I’m running druid 0.22.1 and trying to use Autocompaction to update a datasource segmentGranularity from ‘HOUR’ to ‘WEEK’. I’m testing with a small datasource (15mb / ~400,000 rows) which has many segments (5,000+).
Both the web console and curl against the api (e.g. curl get against /druid/coordinator/v1/config/compaction/ ) show that my compaction config has been set/accepted.
This is the only datasource with Auto compaction enabled.
There are segments going back to 2021-05, so there are plenty of candidate segments to compact based on skipOffsetFromLatest.
There are 3 worker slots available and relevant compaction TaskSlot variables are: "compactionTaskSlotRatio" : 0.7, "maxCompactionTaskSlots" : 2147483647
I’m expecting autocompaction to start compacting based on this config.
Instead, I find that in the unified-console, the dataSource Compaction column shows Awaiting first run and has been stuck like this for 24h+. Reviewing Coordinator logs, I don’t see any indication that compaction is even being attempted. No errors. If I grep “compact” in coordinator logs, nothing is returned except for a single line (see logs below). If I grep for “my_datasource” I see only indexing tasks.
Note - There is a log line indicating the coordinator has started up Scheduling compaction (see Logs, below). This line appears in the coordinator which is not presently the leader. The current coordinator leader does not have a similar log line. Could this be related? But I can’t see any way to ‘turn on’ autocompaction asides from submitting compaction config as per above. I also wonder if I should be seeing this log line each coordinator period?
Are there other logs I should be looking at? I have mostly focused on Coordinator and overlord logs.
Thanks in advance!
Things I've tried
I’ve tried tweaking the compaction config with different settings, e.g. setting skipOffsetFromLatest to ‘P1W’ or segmentGranularity to ‘DAY’
Updating compactionTaskSlotRatio higher
Updating taskPriority higher
- Druid docs
I can't find anything that seems relevant. The only log which matches a grep of "compact" is this:
[main] org.apache.druid.server.coordinator.duty.CompactSegments - Scheduling compaction with skipLockedIntervals [true]
I’m wondering if you’re running into This policy currently cannot handle the situation when there are a lot of small segments which have the same interval, and their total size exceeds inputSegmentSizeBytes. If it finds such segments, it simply skips them.? I found that when I looked at the Compacting Segments and Segment search policy docs.
I’ll review those docs again. However, since the dataSource in total is < 20mb, and the inputSegmentSizeBytes is approximately 420 mb, I don’t think this is the case. Each segment is < 4KB, and going from hourly to weekly segments should be ~ 4KB/hour * 24hours * 7days = 672 KB as input size, much smaller than ~420mb.
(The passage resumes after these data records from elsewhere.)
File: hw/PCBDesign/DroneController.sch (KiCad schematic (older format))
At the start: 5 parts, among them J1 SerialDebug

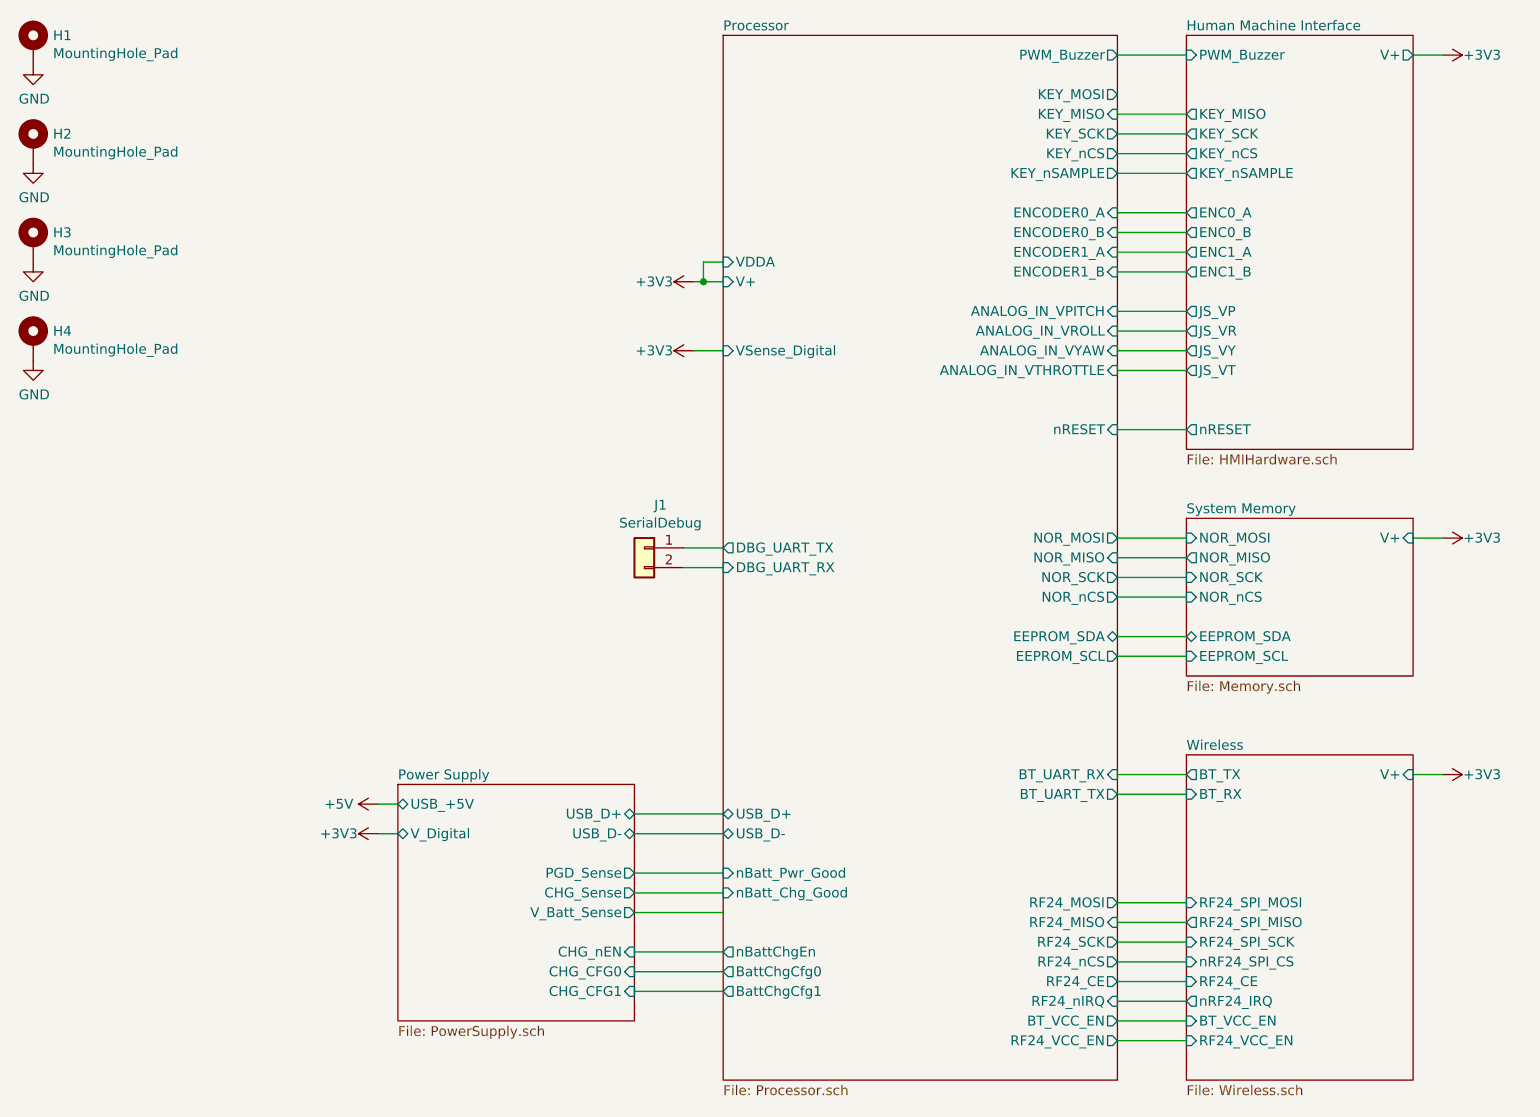
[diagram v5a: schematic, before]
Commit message: Routed most of the core peripherals
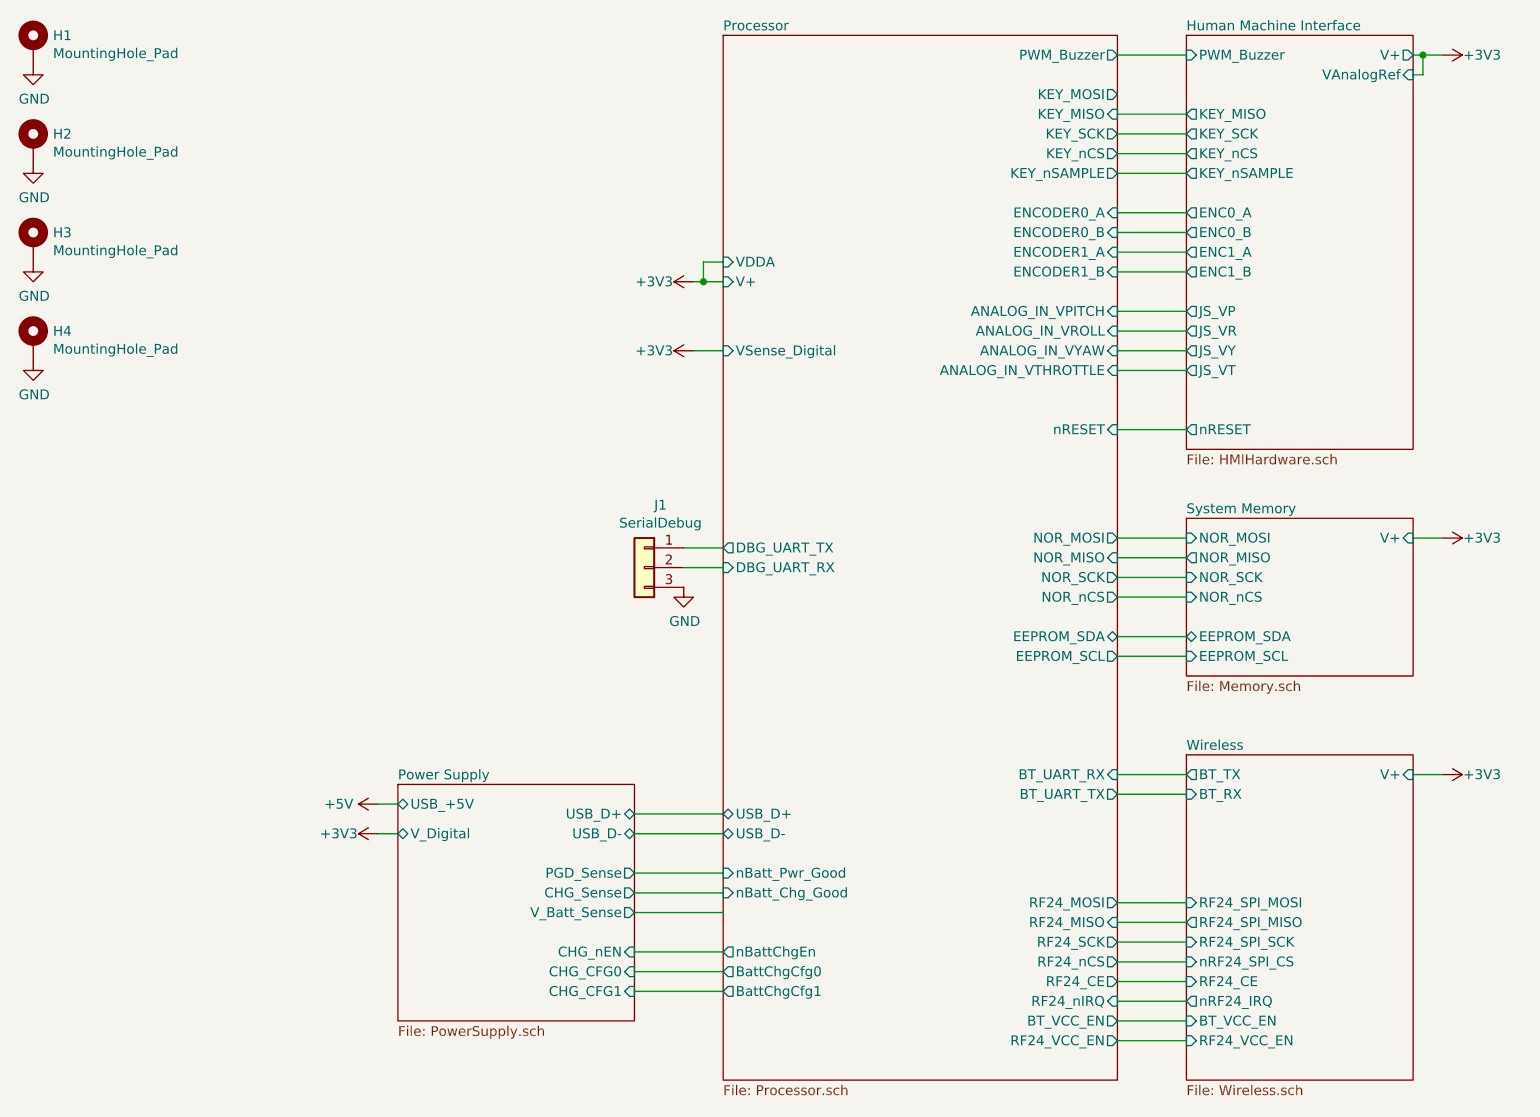
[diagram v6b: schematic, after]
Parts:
- removed J1: SerialDebug, Connector_PinHeader_2.54mm:PinHeader_1x02_P2.54mm_Vertical, symbol Connector_Generic:Conn_01x02
- added J1: SerialDebug, Connector_PinHeader_2.54mm:PinHeader_1x03_P2.54mm_Vertical, symbol Connector_Generic:Conn_01x03
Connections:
- net GND: now also J1.3 (Pin_3)
- net Processor/DBG_UART_RX: now also J1.2 (Pin_2)
- net Processor/DBG_UART_TX: now also J1.1 (Pin_1)
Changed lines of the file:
@@
 F15 "V+" O R 8000 1100 50
 F16 "nRESET" O L 6850 3000 50
+F17 "VAnalogRef" I R 8000 1200 50
 $EndSheet
 $Sheet
@@
 F0 "Wireless" 50
 F1 "Wireless.sch" 50
-F5 "BT_RX" I L 6850 4850 50
-F6 "BT_TX" O L 6850 4750 50
-F7 "RF24_SPI_MOSI" I L 6850 5400 50
-F8 "RF24_SPI_MISO" O L 6850 5500 50
-F9 "RF24_SPI_SCK" I L 6850 5600 50
-F10 "nRF24_SPI_CS" I L 6850 5700 50
-F11 "RF24_CE" I L 6850 5800 50
-F12 "nRF24_IRQ" O L 6850 5900 50
-F13 "V+" I R 8000 4750 50
-F14 "BT_VCC_EN" I L 6850 6000 50
-F15 "RF24_VCC_EN" I L 6850 6100 50
+F2 "BT_RX" I L 6850 4850 50
+F3 "BT_TX" O L 6850 4750 50
+F4 "RF24_SPI_MOSI" I L 6850 5400 50
+F5 "RF24_SPI_MISO" O L 6850 5500 50
+F6 "RF24_SPI_SCK" I L 6850 5600 50
+F7 "nRF24_SPI_CS" I L 6850 5700 50
+F8 "RF24_CE" I L 6850 5800 50
+F9 "nRF24_IRQ" O L 6850 5900 50
+F10 "V+" I R 8000 4750 50
+F11 "BT_VCC_EN" I L 6850 6000 50
+F12 "RF24_VCC_EN" I L 6850 6100 50
 $EndSheet
 $Comp
@@
 F1 "PowerSupply.sch" 50
 F2 "V_Digital" B L 2850 5050 50
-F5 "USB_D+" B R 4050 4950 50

That will be our plan B. We had upgraded to 0.22+ specificially to take advantage of updating segmentGranularity via autocompaction though. I will see if I can reproduce my scenario in in a sandbox and try to figure out if it’s a bug or config issue.
In the quickstart docker environment, I was able to get the auto-compaction to run against a sample of data from this datasource, using the same compaction spec. It must be something unique to our cluster or cluster state. I’ll try to update here what I find.
I took this a bit further this morning, modifying the quickstart docker-compose to include two coordinator/overlords and testing fail-over. It all worked as expected (compaction started & succeeded).
But the ‘smoking gun’ to me is that in the bad cluster lead coordinator, there are no log lines matching grep NewestSegmentFirstIterator.
And reviewing more closely, I noticed in the good cluster, both coordinators logged : INFO [main] org.apache.druid.server.coordinator.duty.CompactSegments - Scheduling compaction with skipLockedIntervals [true]
during startup (within a few seconds of each other). In my bad cluster, the current leader never issued this log line during startup or failover, so I guess coordinator.duty.CompactSegments was never running on this coordinator since before compaction specs were issued, hence the stuck in Awaiting First Run status.
Are there any configs / conditions which would cause a coordinator to start up without this duty being scheduled?
I think we will just try restarting coordinators and checking they both emit this log-line.
@Renato_Cron Here was my docker-compose with two coordinators. As mentioned, I couldn’t seem to break it locally the same way I’m experiencing on our deployed cluster. Compaction proceeded each time despite failovers and other hiccups I tried to throw at it.
Yesterday we restarted most of our cluster nodes including coordinators, and still compaction won’t begin.
@gitmstoute I might have managed to reproduce the behavior by following our Quickstart tutorial and selecting hour as the segment granularity? Auto compaction wouldn’t kick off. Let me spin it up again and take a look at the logs.
@Mark_Herrera This seemed to reproduce it for me too! The compaction did not start overnight. The logs look similar to my bad cluster, there are no compaction tasks being launched, NewestSegmentFirstIterator never seems to run.